Goal of the exercise:
Below are the records; copy exactly the lines from the first through the one containing "#38=AXIS2_PLACEMENT_3D('',#35,#36,#37);", both included, and leave out the pictures.

Material for the task:
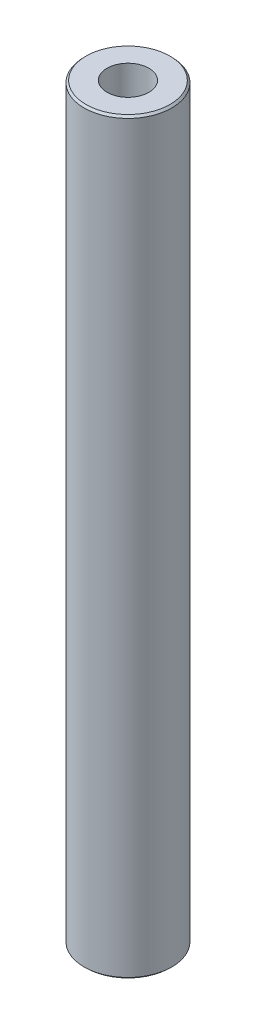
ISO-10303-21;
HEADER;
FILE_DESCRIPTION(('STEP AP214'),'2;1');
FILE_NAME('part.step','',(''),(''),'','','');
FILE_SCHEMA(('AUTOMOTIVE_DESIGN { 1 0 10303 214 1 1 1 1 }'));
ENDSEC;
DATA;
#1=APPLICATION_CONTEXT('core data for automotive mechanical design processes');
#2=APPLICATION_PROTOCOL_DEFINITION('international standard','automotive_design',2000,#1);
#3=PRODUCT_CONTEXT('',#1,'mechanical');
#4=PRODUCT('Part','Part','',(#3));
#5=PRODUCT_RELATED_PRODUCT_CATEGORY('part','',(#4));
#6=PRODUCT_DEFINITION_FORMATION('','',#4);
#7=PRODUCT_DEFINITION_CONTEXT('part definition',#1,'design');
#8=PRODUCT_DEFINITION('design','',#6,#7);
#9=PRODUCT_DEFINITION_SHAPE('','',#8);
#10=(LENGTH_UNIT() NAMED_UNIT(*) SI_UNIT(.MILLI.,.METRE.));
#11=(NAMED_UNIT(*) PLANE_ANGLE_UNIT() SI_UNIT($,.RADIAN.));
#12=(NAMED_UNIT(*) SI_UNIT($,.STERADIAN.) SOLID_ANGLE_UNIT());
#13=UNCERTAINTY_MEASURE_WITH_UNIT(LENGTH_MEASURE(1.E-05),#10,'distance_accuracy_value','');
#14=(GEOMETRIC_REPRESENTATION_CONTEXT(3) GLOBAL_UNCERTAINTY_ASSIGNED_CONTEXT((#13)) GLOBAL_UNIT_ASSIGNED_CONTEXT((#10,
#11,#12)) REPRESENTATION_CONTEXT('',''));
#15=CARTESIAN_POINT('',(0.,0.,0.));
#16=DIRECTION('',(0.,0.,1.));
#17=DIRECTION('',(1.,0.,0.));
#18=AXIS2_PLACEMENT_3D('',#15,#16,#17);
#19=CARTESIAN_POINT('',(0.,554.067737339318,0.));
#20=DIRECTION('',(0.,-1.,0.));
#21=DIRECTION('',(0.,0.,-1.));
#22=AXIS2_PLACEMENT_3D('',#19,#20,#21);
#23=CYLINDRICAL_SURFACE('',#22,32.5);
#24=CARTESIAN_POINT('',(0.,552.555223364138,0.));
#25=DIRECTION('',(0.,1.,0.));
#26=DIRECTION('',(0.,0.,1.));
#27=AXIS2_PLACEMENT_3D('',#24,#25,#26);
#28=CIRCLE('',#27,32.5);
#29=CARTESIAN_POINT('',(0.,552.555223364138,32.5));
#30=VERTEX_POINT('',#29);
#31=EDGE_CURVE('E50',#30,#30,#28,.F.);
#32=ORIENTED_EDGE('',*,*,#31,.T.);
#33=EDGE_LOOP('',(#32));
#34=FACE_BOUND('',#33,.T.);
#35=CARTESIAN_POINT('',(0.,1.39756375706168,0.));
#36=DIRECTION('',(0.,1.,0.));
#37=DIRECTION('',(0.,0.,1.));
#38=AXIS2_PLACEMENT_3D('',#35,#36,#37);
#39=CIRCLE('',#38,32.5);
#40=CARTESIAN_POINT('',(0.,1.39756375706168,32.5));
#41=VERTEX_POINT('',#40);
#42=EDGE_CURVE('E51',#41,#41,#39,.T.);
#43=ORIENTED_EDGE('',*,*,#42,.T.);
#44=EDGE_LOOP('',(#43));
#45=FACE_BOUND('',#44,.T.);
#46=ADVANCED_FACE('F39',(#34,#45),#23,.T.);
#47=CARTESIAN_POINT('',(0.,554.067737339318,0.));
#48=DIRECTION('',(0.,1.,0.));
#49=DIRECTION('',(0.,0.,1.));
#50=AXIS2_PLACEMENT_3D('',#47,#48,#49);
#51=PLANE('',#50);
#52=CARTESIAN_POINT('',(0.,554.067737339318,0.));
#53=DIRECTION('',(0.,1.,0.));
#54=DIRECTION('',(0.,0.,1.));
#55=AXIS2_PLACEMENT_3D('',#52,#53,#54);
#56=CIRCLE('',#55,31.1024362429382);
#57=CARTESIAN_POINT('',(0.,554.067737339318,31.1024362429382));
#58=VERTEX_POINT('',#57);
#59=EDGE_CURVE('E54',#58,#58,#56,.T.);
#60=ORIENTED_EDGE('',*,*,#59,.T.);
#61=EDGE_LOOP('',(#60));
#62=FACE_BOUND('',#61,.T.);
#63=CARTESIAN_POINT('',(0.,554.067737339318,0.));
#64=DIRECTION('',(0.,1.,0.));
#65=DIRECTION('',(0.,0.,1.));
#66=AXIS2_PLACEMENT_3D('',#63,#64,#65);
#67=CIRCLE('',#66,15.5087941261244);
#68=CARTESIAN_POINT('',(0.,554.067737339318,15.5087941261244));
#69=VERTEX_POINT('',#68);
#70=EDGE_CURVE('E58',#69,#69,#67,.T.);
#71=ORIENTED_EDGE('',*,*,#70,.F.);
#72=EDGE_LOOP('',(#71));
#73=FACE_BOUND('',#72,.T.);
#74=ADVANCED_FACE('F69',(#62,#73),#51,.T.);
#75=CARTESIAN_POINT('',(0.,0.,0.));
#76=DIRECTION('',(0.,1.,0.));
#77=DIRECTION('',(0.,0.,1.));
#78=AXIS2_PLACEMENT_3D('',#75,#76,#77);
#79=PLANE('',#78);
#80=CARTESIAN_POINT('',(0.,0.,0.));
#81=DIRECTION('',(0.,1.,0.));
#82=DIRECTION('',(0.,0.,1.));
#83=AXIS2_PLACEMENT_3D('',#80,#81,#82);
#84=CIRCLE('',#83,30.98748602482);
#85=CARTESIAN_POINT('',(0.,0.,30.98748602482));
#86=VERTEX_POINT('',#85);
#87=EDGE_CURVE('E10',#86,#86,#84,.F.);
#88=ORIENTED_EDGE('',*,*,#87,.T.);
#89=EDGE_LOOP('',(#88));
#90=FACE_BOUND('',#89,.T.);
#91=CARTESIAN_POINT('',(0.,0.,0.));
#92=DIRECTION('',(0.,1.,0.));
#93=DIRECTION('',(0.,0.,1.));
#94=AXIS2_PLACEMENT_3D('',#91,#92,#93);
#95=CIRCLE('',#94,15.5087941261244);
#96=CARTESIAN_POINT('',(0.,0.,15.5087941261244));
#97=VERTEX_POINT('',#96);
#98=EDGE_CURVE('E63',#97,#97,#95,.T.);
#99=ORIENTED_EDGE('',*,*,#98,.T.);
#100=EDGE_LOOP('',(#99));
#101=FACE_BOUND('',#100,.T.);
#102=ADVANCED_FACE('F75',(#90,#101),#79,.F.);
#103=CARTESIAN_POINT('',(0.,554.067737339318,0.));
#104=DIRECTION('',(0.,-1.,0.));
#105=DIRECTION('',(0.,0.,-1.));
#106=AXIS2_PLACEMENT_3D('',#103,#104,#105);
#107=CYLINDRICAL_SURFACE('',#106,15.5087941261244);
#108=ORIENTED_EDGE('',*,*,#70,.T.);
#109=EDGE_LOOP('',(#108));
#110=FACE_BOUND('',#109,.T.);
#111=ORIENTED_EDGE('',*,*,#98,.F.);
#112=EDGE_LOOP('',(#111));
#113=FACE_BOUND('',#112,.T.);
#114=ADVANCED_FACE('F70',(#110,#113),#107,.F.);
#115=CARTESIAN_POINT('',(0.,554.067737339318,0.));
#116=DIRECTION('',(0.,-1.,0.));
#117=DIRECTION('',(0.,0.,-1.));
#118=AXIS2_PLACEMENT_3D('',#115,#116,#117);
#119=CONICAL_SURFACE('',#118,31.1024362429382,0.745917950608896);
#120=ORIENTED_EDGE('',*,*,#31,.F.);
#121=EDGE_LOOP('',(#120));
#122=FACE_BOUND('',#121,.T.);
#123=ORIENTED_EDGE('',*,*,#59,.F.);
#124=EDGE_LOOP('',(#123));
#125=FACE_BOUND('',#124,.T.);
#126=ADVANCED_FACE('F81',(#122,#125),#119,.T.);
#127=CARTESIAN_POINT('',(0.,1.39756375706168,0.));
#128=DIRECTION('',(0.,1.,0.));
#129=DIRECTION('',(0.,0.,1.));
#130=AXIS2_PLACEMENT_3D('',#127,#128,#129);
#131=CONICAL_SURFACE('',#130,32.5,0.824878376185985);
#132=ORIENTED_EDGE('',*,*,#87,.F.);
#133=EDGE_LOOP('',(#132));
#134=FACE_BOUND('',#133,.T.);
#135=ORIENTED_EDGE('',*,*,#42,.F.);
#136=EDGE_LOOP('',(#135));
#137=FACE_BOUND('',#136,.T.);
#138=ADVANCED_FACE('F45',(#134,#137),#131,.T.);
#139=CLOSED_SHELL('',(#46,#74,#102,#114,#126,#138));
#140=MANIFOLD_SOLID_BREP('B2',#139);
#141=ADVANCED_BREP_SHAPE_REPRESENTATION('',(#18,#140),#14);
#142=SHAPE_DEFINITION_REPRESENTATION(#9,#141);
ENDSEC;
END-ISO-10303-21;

Worked solution:
ISO-10303-21;
HEADER;
FILE_DESCRIPTION(('STEP AP214'),'2;1');
FILE_NAME('part.step','',(''),(''),'','','');
FILE_SCHEMA(('AUTOMOTIVE_DESIGN { 1 0 10303 214 1 1 1 1 }'));
ENDSEC;
DATA;
#1=APPLICATION_CONTEXT('core data for automotive mechanical design processes');
#2=APPLICATION_PROTOCOL_DEFINITION('international standard','automotive_design',2000,#1);
#3=PRODUCT_CONTEXT('',#1,'mechanical');
#4=PRODUCT('Part','Part','',(#3));
#5=PRODUCT_RELATED_PRODUCT_CATEGORY('part','',(#4));
#6=PRODUCT_DEFINITION_FORMATION('','',#4);
#7=PRODUCT_DEFINITION_CONTEXT('part definition',#1,'design');
#8=PRODUCT_DEFINITION('design','',#6,#7);
#9=PRODUCT_DEFINITION_SHAPE('','',#8);
#10=(LENGTH_UNIT() NAMED_UNIT(*) SI_UNIT(.MILLI.,.METRE.));
#11=(NAMED_UNIT(*) PLANE_ANGLE_UNIT() SI_UNIT($,.RADIAN.));
#12=(NAMED_UNIT(*) SI_UNIT($,.STERADIAN.) SOLID_ANGLE_UNIT());
#13=UNCERTAINTY_MEASURE_WITH_UNIT(LENGTH_MEASURE(1.E-05),#10,'distance_accuracy_value','');
#14=(GEOMETRIC_REPRESENTATION_CONTEXT(3) GLOBAL_UNCERTAINTY_ASSIGNED_CONTEXT((#13)) GLOBAL_UNIT_ASSIGNED_CONTEXT((#10,
#11,#12)) REPRESENTATION_CONTEXT('',''));
#15=CARTESIAN_POINT('',(0.,0.,0.));
#16=DIRECTION('',(0.,0.,1.));
#17=DIRECTION('',(1.,0.,0.));
#18=AXIS2_PLACEMENT_3D('',#15,#16,#17);
#19=CARTESIAN_POINT('',(0.,554.067737339318,0.));
#20=DIRECTION('',(0.,-1.,0.));
#21=DIRECTION('',(0.,0.,-1.));
#22=AXIS2_PLACEMENT_3D('',#19,#20,#21);
#23=CYLINDRICAL_SURFACE('',#22,32.5);
#24=CARTESIAN_POINT('',(0.,552.555223364138,0.));
#25=DIRECTION('',(0.,1.,0.));
#26=DIRECTION('',(0.,0.,1.));
#27=AXIS2_PLACEMENT_3D('',#24,#25,#26);
#28=CIRCLE('',#27,32.5);
#29=CARTESIAN_POINT('',(0.,552.555223364138,32.5));
#30=VERTEX_POINT('',#29);
#31=EDGE_CURVE('E50',#30,#30,#28,.F.);
#32=ORIENTED_EDGE('',*,*,#31,.T.);
#33=EDGE_LOOP('',(#32));
#34=FACE_BOUND('',#33,.T.);
#35=CARTESIAN_POINT('',(0.,1.39756375706168,0.));
#36=DIRECTION('',(0.,1.,0.));
#37=DIRECTION('',(0.,0.,1.));
#38=AXIS2_PLACEMENT_3D('',#35,#36,#37);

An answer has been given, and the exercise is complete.